Foundational Architecture for Industry 4.0
Many industrial and manufacturing enterprises have started Industry 4.0 (I4.0) initiatives to increase agility, improve operational performance and increase revenue from the raft of new digital products and services now available. These initiatives have brought some success but the transition to the Industry 4.0 vision of smart, digitally connected and autonomous production lines, factories and supply-chains is still at the initial stages.
It is very important for these enterprises to keep progressing on their journey as it will be difficult to catch up with the entrenched digital manufacturing leaders at later stages. To enable progression towards I4.0 they must build foundational enterprise application, data and computing architectures which can evolve with the new vision of the digital enterprise. Some of the key elements/initiatives for establishing foundational architecture are described here.
- Manufacturing Execution/ Operations system - There is a view that the MES systems need time-consuming implementations, benefits are hard to quantify, are inflexible and not needed in the IIoT world. The reality is that MES systems or some flavor (in form of IIoT apps for specific functionality) are needed as a foundation for high operational performance, product traceability, real-time visibility into shop-floor operations and the contextualization of shop-floor data being collected for analysis for further operational improvements. The enterprises should select a MES system which is suited to their industry and manufacturing process type, is modular, delivers substantial out of the box functionality with basic configuration, is extendable, can scale across the enterprise beyond individual factories and has a product roadmap to continuously benefit from IIoT developments. The MES should be interfaced with ERP systems based on the ISA-95 standards and with PLC/DCS on shop-floor using OPC-UA.

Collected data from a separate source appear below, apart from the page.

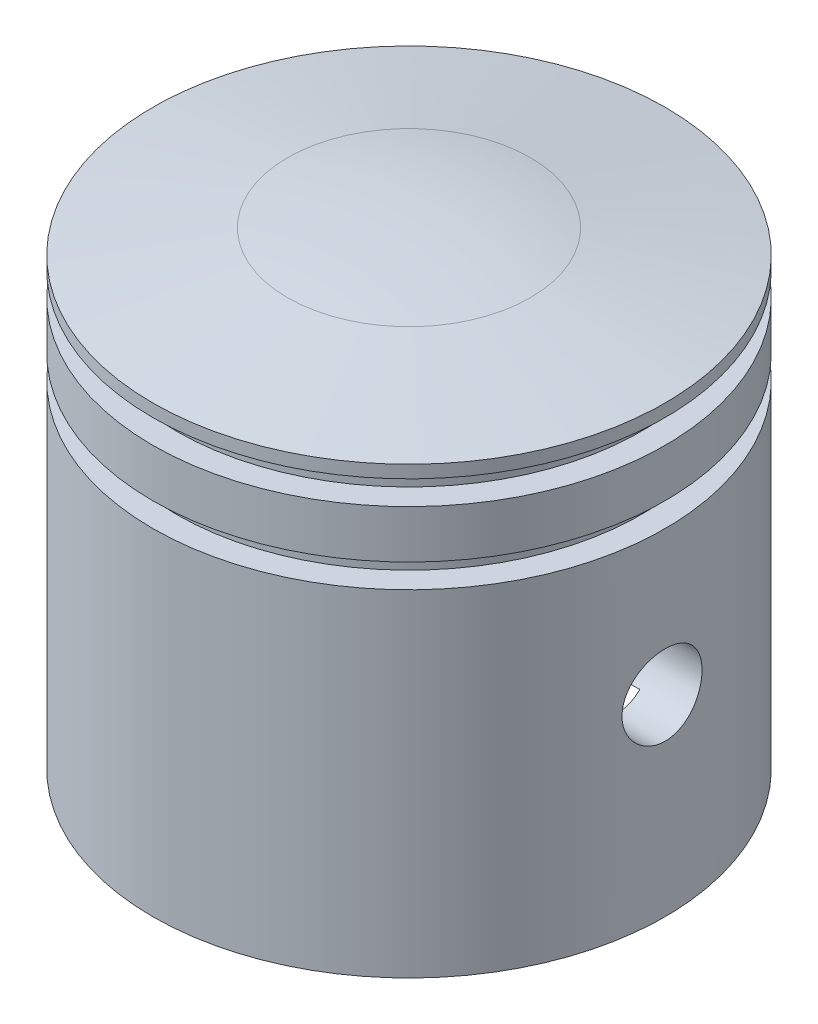
ISO-10303-21;
HEADER;
FILE_DESCRIPTION(('STEP AP214'),'2;1');
FILE_NAME('part.step','',(''),(''),'','','');
FILE_SCHEMA(('AUTOMOTIVE_DESIGN { 1 0 10303 214 1 1 1 1 }'));
ENDSEC;
DATA;
#1=APPLICATION_CONTEXT('core data for automotive mechanical design processes');
#2=APPLICATION_PROTOCOL_DEFINITION('international standard','automotive_design',2000,#1);
#3=PRODUCT_CONTEXT('',#1,'mechanical');
#4=PRODUCT('Part','Part','',(#3));
#5=PRODUCT_RELATED_PRODUCT_CATEGORY('part','',(#4));
#6=PRODUCT_DEFINITION_FORMATION('','',#4);
#7=PRODUCT_DEFINITION_CONTEXT('part definition',#1,'design');
#8=PRODUCT_DEFINITION('design','',#6,#7);
#9=PRODUCT_DEFINITION_SHAPE('','',#8);
#10=(LENGTH_UNIT() NAMED_UNIT(*) SI_UNIT(.MILLI.,.METRE.));
#11=(NAMED_UNIT(*) PLANE_ANGLE_UNIT() SI_UNIT($,.RADIAN.));
#12=(NAMED_UNIT(*) SI_UNIT($,.STERADIAN.) SOLID_ANGLE_UNIT());
#13=UNCERTAINTY_MEASURE_WITH_UNIT(LENGTH_MEASURE(1.E-05),#10,'distance_accuracy_value','');
#14=(GEOMETRIC_REPRESENTATION_CONTEXT(3) GLOBAL_UNCERTAINTY_ASSIGNED_CONTEXT((#13)) GLOBAL_UNIT_ASSIGNED_CONTEXT((#10,
#11,#12)) REPRESENTATION_CONTEXT('',''));
#15=CARTESIAN_POINT('',(0.,0.,0.));
#16=DIRECTION('',(0.,0.,1.));
#17=DIRECTION('',(1.,0.,0.));
#18=AXIS2_PLACEMENT_3D('',#15,#16,#17);
#19=CARTESIAN_POINT('',(0.,10.,0.));
#20=DIRECTION('',(0.,-1.,0.));
#21=DIRECTION('',(0.,0.,-1.));
#22=AXIS2_PLACEMENT_3D('',#19,#20,#21);
#23=PLANE('',#22);
#24=DIRECTION('',(1.,0.,0.));
#25=VECTOR('',#24,1.);
#26=CARTESIAN_POINT('',(-16.,10.,-1.5));
#27=LINE('',#26,#25);
#28=CARTESIAN_POINT('',(-12.913171570145,10.,-1.5));
#29=VERTEX_POINT('',#28);
#30=CARTESIAN_POINT('',(-9.88685996664259,10.,-1.5));
#31=VERTEX_POINT('',#30);
#32=EDGE_CURVE('E74',#29,#31,#27,.T.);
#33=ORIENTED_EDGE('',*,*,#32,.F.);
#34=CARTESIAN_POINT('',(0.,10.,0.));
#35=DIRECTION('',(0.,-1.,0.));
#36=DIRECTION('',(0.,0.,-1.));
#37=AXIS2_PLACEMENT_3D('',#34,#35,#36);
#38=CIRCLE('',#37,13.);
#39=CARTESIAN_POINT('',(12.913171570145,10.,-1.5));
#40=VERTEX_POINT('',#39);
#41=EDGE_CURVE('E277',#29,#40,#38,.T.);
#42=ORIENTED_EDGE('',*,*,#41,.T.);
#43=CARTESIAN_POINT('',(9.88685996664259,10.,-1.5));
#44=VERTEX_POINT('',#43);
#45=EDGE_CURVE('E283',#44,#40,#27,.T.);
#46=ORIENTED_EDGE('',*,*,#45,.F.);
#47=CARTESIAN_POINT('',(0.,10.,0.));
#48=DIRECTION('',(0.,-1.,0.));
#49=DIRECTION('',(0.,0.,-1.));
#50=AXIS2_PLACEMENT_3D('',#47,#48,#49);
#51=CIRCLE('',#50,10.);
#52=EDGE_CURVE('E112',#44,#31,#51,.F.);
#53=ORIENTED_EDGE('',*,*,#52,.T.);
#54=EDGE_LOOP('',(#33,#42,#46,#53));
#55=FACE_BOUND('',#54,.T.);
#56=ADVANCED_FACE('F45',(#55),#23,.T.);
#57=CARTESIAN_POINT('',(0.,30.,0.));
#58=DIRECTION('',(0.,1.,0.));
#59=DIRECTION('',(0.,0.,1.));
#60=AXIS2_PLACEMENT_3D('',#57,#58,#59);
#61=CYLINDRICAL_SURFACE('',#60,16.);
#62=CARTESIAN_POINT('',(0.,27.,0.));
#63=DIRECTION('',(0.,1.,0.));
#64=DIRECTION('',(0.,0.,1.));
#65=AXIS2_PLACEMENT_3D('',#62,#63,#64);
#66=CIRCLE('',#65,16.);
#67=CARTESIAN_POINT('',(0.,27.,16.));
#68=VERTEX_POINT('',#67);
#69=EDGE_CURVE('E244',#68,#68,#66,.T.);
#70=ORIENTED_EDGE('',*,*,#69,.T.);
#71=EDGE_LOOP('',(#70));
#72=FACE_BOUND('',#71,.T.);
#73=CARTESIAN_POINT('',(0.,27.790539738545,0.));
#74=DIRECTION('',(0.,1.,0.));
#75=DIRECTION('',(0.,0.,1.));
#76=AXIS2_PLACEMENT_3D('',#73,#74,#75);
#77=CIRCLE('',#76,16.);
#78=CARTESIAN_POINT('',(0.,27.790539738545,16.));
#79=VERTEX_POINT('',#78);
#80=EDGE_CURVE('E258',#79,#79,#77,.T.);
#81=ORIENTED_EDGE('',*,*,#80,.F.);
#82=EDGE_LOOP('',(#81));
#83=FACE_BOUND('',#82,.T.);
#84=ADVANCED_FACE('F165',(#72,#83),#61,.T.);
#85=CARTESIAN_POINT('',(0.,27.790539738545,0.));
#86=DIRECTION('',(0.,-1.,0.));
#87=DIRECTION('',(0.,0.,-1.));
#88=AXIS2_PLACEMENT_3D('',#85,#86,#87);
#89=CONICAL_SURFACE('',#88,16.,1.39626340159547);
#90=CARTESIAN_POINT('',(0.,29.275044666626,0.));
#91=DIRECTION('',(0.,1.,0.));
#92=DIRECTION('',(0.,0.,1.));
#93=AXIS2_PLACEMENT_3D('',#90,#91,#92);
#94=CIRCLE('',#93,7.58095419024099);
#95=CARTESIAN_POINT('',(0.,29.275044666626,7.58095419024099));
#96=VERTEX_POINT('',#95);
#97=EDGE_CURVE('E255',#96,#96,#94,.T.);
#98=ORIENTED_EDGE('',*,*,#97,.F.);
#99=EDGE_LOOP('',(#98));
#100=FACE_BOUND('',#99,.T.);
#101=ORIENTED_EDGE('',*,*,#80,.T.);
#102=EDGE_LOOP('',(#101));
#103=FACE_BOUND('',#102,.T.);
#104=ADVANCED_FACE('F169',(#100,#103),#89,.T.);
#105=CARTESIAN_POINT('',(0.,-10.,0.));
#106=DIRECTION('',(0.,1.,0.));
#107=DIRECTION('',(1.,0.,0.));
#108=AXIS2_PLACEMENT_3D('',#105,#106,#107);
#109=SPHERICAL_SURFACE('',#108,40.);
#110=ORIENTED_EDGE('',*,*,#97,.T.);
#111=EDGE_LOOP('',(#110));
#112=FACE_BOUND('',#111,.T.);
#113=ADVANCED_FACE('F176',(#112),#109,.T.);
#114=CARTESIAN_POINT('',(14.5,25.5,0.));
#115=DIRECTION('',(0.,-1.,0.));
#116=DIRECTION('',(0.,0.,-1.));
#117=AXIS2_PLACEMENT_3D('',#114,#115,#116);
#118=PLANE('',#117);
#119=CARTESIAN_POINT('',(0.,25.5,0.));
#120=DIRECTION('',(0.,-1.,0.));
#121=DIRECTION('',(0.,0.,-1.));
#122=AXIS2_PLACEMENT_3D('',#119,#120,#121);
#123=CIRCLE('',#122,14.5);
#124=CARTESIAN_POINT('',(0.,25.5,-14.5));
#125=VERTEX_POINT('',#124);
#126=EDGE_CURVE('E239',#125,#125,#123,.T.);
#127=ORIENTED_EDGE('',*,*,#126,.T.);
#128=EDGE_LOOP('',(#127));
#129=FACE_BOUND('',#128,.T.);
#130=CARTESIAN_POINT('',(0.,25.5,0.));
#131=DIRECTION('',(0.,-1.,0.));
#132=DIRECTION('',(0.,0.,-1.));
#133=AXIS2_PLACEMENT_3D('',#130,#131,#132);
#134=CIRCLE('',#133,16.);
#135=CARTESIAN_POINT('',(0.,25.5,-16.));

- Product Engineering and Innovation - Customers today expect smart connected products, customized to their current needs at acceptable costs, which are also capable of improving with their evolving requirements. The traditional PLM systems used by companies now need to mature as platforms for product innovation. They need to include additional capabilities such as model-based systems engineering and integration of model-based simulations with the actual IIoT data from deployed products/ plant assets. This is required for building digital twin capability and better integration with shop-floor and supply chains for capturing product information across the digital thread. The manufacturing enterprises need to select/update their PLM /PDM systems in line with these trends.
- Data and Application integration – A coarse-grained business integration layer can be implemented which can serve the needs of any apps or API/services provided by the enterprise. The applications should be enabled to support REST/SOA services based interfaces. Additionally, event driven messaging architecture using publish/subscribe mechanisms should be implemented for business process workflows. A canonical data model for common business objects (could be based on industry specific reference model) should be used within the enterprise and partners/suppliers so that data translation is minimized.
- Distributed Analytics and Decision-making infrastructure- Most of the manufacturing enterprises will have historical databases and data warehouses for analysis of shop-floor and Enterprise IT data. This established analytics infrastructure should then be combined with new data sources (e.g. - IIoT, social media, weather) using data lakes on Cloud infrastructure for big data analytics and machine learning, to achieve enterprise wide process improvements. This will be in addition to the real-time monitoring and control needed at plant devices/ equipment (Edge) and at PLC/SCADA systems which can also serve as IoT Gateways for sending shop-floor data to Cloud based big-data analytics infrastructures. The insights from analytics infrastructure for recommended process adjustments can then be fed back using the process workflow/ API mechanisms for achieving the desired outcomes.